1 Thessalonians 4:15
For this we say unto you by the word of the Lord, that we which are alive and remain unto the coming of the Lord shall not prevent them which are asleep. (1 Thessalonians 4:15)
By the word of the Lord.
 The apostle is appealing to a higher authority than his own (cf. on 1 Cor. 7:6, 10, 12, 25).

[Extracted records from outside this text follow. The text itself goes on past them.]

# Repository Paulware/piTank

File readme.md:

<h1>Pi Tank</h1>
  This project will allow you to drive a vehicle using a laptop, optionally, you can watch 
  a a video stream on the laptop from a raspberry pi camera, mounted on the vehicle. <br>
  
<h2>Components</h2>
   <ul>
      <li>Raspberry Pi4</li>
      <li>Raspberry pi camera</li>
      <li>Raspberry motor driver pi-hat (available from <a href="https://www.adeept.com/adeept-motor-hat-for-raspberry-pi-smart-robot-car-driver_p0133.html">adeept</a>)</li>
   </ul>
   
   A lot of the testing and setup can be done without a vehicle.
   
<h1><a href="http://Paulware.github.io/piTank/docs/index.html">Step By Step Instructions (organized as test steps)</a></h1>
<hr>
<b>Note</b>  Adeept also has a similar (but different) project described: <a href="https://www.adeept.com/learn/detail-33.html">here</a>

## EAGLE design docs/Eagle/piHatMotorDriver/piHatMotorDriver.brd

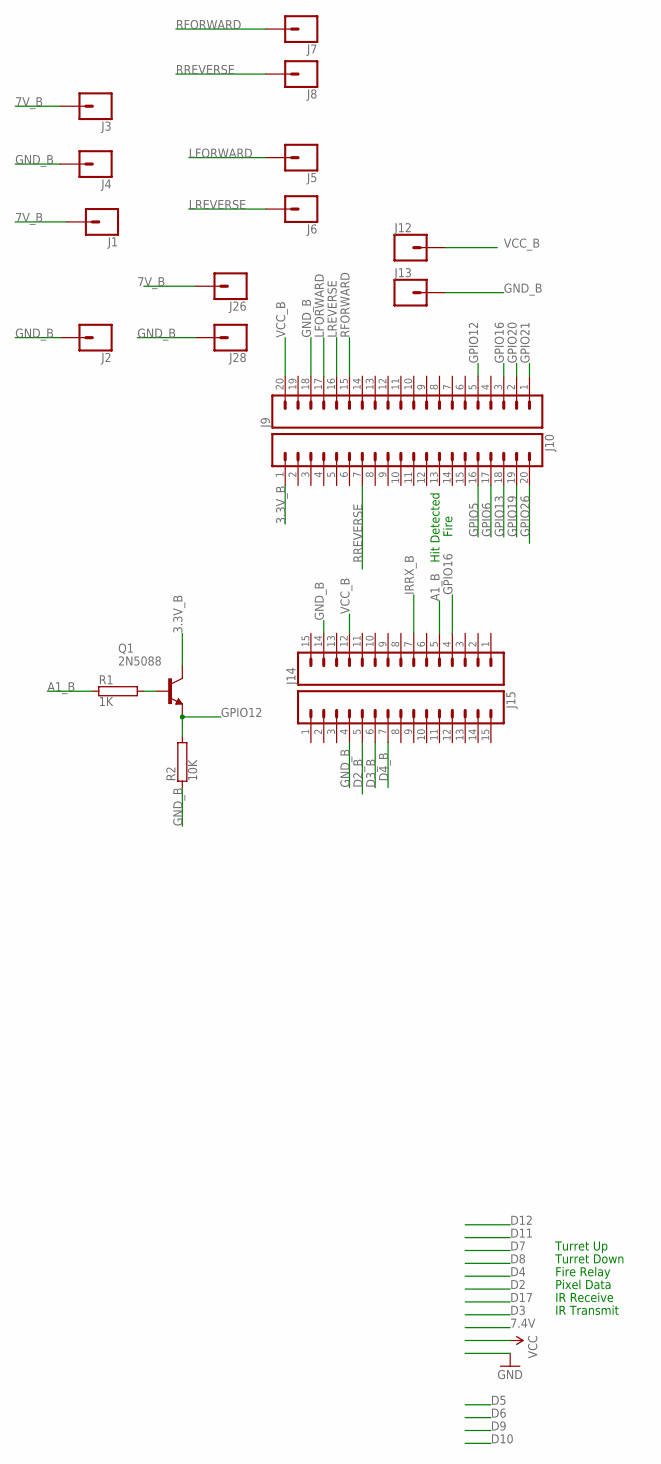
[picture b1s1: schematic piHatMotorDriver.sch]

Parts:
J1, J2, J3, J4, J5, J6, J7, J8, J12, J13, J26, J28: CONN_01; 1X01
J9, J10: CONN_20; 1X20
J14, J15: CONN_15; 1X15
Q1: 2N5088; TO92
R1: 1K; CA0001
R2: 10K; CA0001

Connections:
3.3V_B: J10.1, Q1.1 (C)
7V_B: J1.1, J3.1, J26.1; also elsewhere on the board
A1_B: J14.5, R1.1
D2_B: J15.5
D3_B: J15.6
D4_B: J15.7
GND_B: J2.1, J4.1, J9.18, J13.1, J14.14, J15.4, J28.1, R2.1; also elsewhere on the board
GPIO5: J10.16
GPIO6: J10.17
GPIO12: J9.5, Q1.3 (E), R2.2
GPIO13: J10.18
GPIO16: J9.3, J14.4
GPIO19: J10.19
GPIO20: J9.2; also elsewhere on the board
GPIO21: J9.1; also elsewhere on the board
GPIO26: J10.20
IRRX_B: J14.7
LFORWARD: J5.1, J9.17
LREVERSE: J6.1, J9.16
unnamed: Q1.2 (B), R1.2
RFORWARD: J7.1, J9.15
RREVERSE: J8.1, J10.7
VCC_B: J9.20, J12.1, J14.12

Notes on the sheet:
Turret Up
Turret Down
Fire Relay
Pixel Data
IR Receive
IR Transmit
Hit Detected
Fire

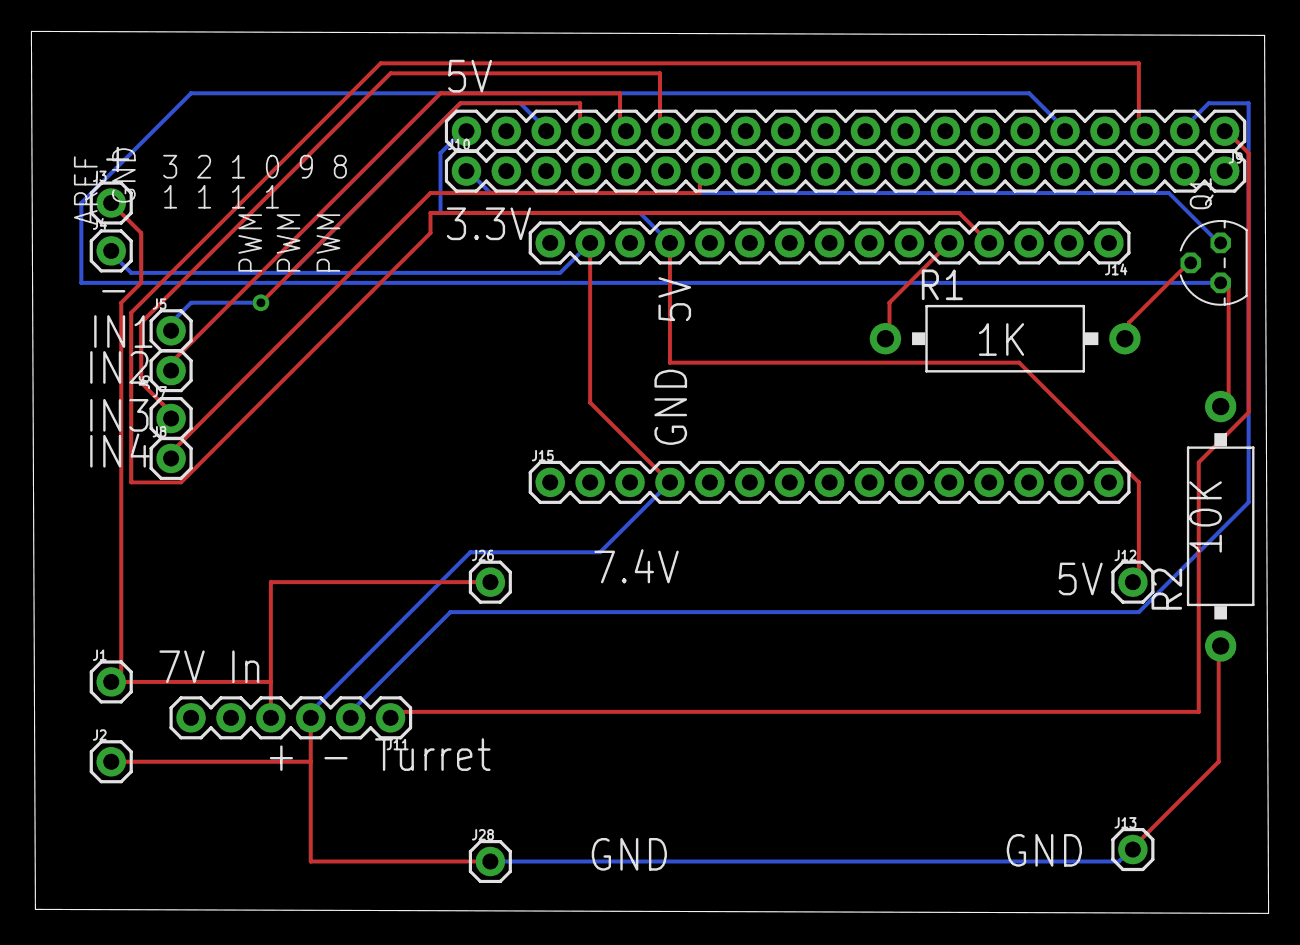
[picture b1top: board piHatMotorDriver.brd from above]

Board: 2 copper layers, 78.7 x 56.1 mm, 20 parts (0 on the bottom side), 14 nets.

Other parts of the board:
J11: 1X06

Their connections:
7V_B: J11.4; also elsewhere on the board
GND_B: J11.3; also elsewhere on the board
GPIO20: J11.2; also elsewhere on the board
GPIO21: J11.1; also elsewhere on the board

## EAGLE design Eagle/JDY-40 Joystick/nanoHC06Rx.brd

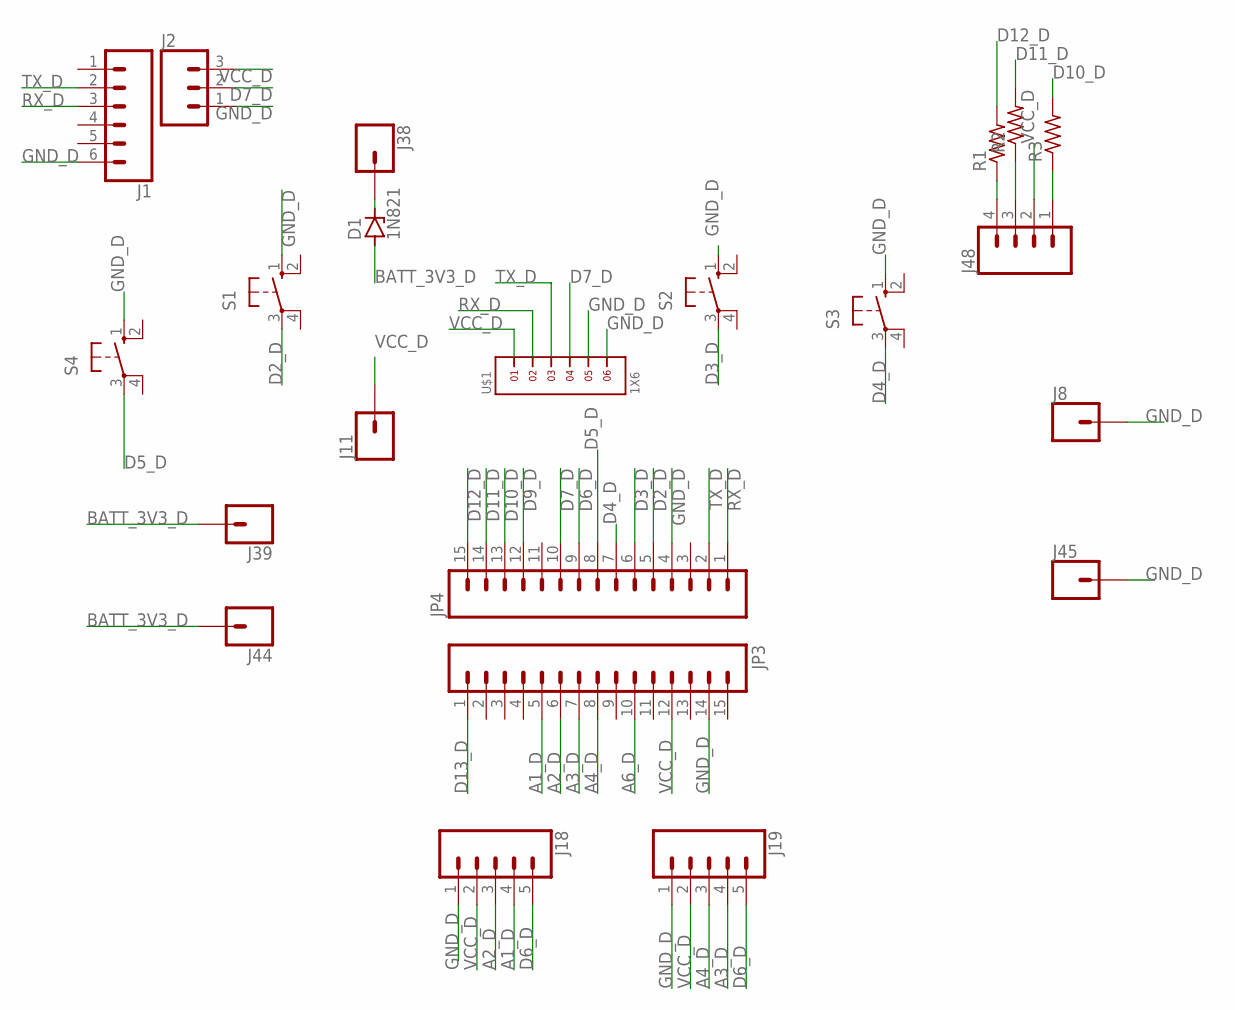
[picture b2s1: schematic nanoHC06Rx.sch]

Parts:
D1: 1N821; DO35Z10
J1: CONN_06SILK_FEMALE_PTH; 1X06
J2: CONN_03; 1X03
J8, J11, J38, J39: CONN_01; 1X01
J18, J19: CONN_05; 1X05
J44, J45: CONN_01PTH_2MM; 1X01_2MM
J48: CONN_04; 1X04
JP3, JP4: M15; 1X15@1
R1, R2, R3: R-US_0309/10; 0309/10
S1, S2, S3, S4: 40-XX; B3F-40XX
U$1: 1X6

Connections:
A1_D: J18.4, JP3.5
A2_D: J18.3, JP3.6
A3_D: J19.4, JP3.7
A4_D: J19.3, JP3.8
A6_D: JP3.10
BATT_3V3_D: D1.A, J39.1, J44.1
D2_D: JP4.5, S1.3
D3_D: JP4.6, S2.3
D4_D: JP4.7, S3.3
D5_D: JP4.8, S4.3
D6_D: J18.5, J19.5, JP4.9
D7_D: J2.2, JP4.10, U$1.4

We which are alive and remain.
 Literally, “we the living ones, the remaining over ones,” that is, those who, in contrast with the righteous dead, remain alive until Christ’s return. Paul here appears to express a hope that he, and the converts to whom he is writing, will be alive when Jesus comes, a hope common with Christians of all ages. But he does not explicitly state that he will live until that great day (see Rom. 13:11; 1 Cor. 10:11; Phil. 4:5; Titus 2:13; see Additional Note on Rom. 13). He clarifies his thoughts on the matter in 1 Thess. 5:1-11, where he deals with the unexpectedness of the second advent and the uncertainty of his or their still being alive at the time of their Lord’s return (v. 10). It appears that the Thessalonian believers misunderstood Paul’s statements, and some willfully perverted them and taught that the day of the Lord was even then at hand (see on 2 Thess. 2:2). It was to rectify this error in their thinking that the apostle wrote his second letter a short time later (AA 264; see p. 262).
Coming.
 Gr. parousia (see on Matt. 24:3). Parousia was sometimes used for the arrival of a Roman general to celebrate a triumphal procession through the streets of a city. The word is thus appropriate for describing Christ’s triumphal return.
Not.
The negative is strongly expressed in the Greek.
Prevent.
 Gr. phthanō, “to come before,” “to precede.” This was the meaning of “prevent” when the KJV was translated. But the word has changed its meaning so that it no longer correctly translates the Gr. phthanō. Paul is assuring his readers that the living Christians will not be united with their Lord before those who have fallen asleep. “The dead in Christ shall rise first: then we which are alive and remain shall be caught up together with them” (vs. 16, 17). Thus the living saints will have no priority over those who have died in the Lord. This teaching makes clear the true state of those who have died “in Christ.” They are asleep, awaiting the Saviour’s coming. They have not yet been united with Him, but, like the living Christians, await the second advent for their longed-for union with the Master (cf. John 11:23-25). Neither class has precedence over the other; both will be taken to glory together by their Lord at His coming.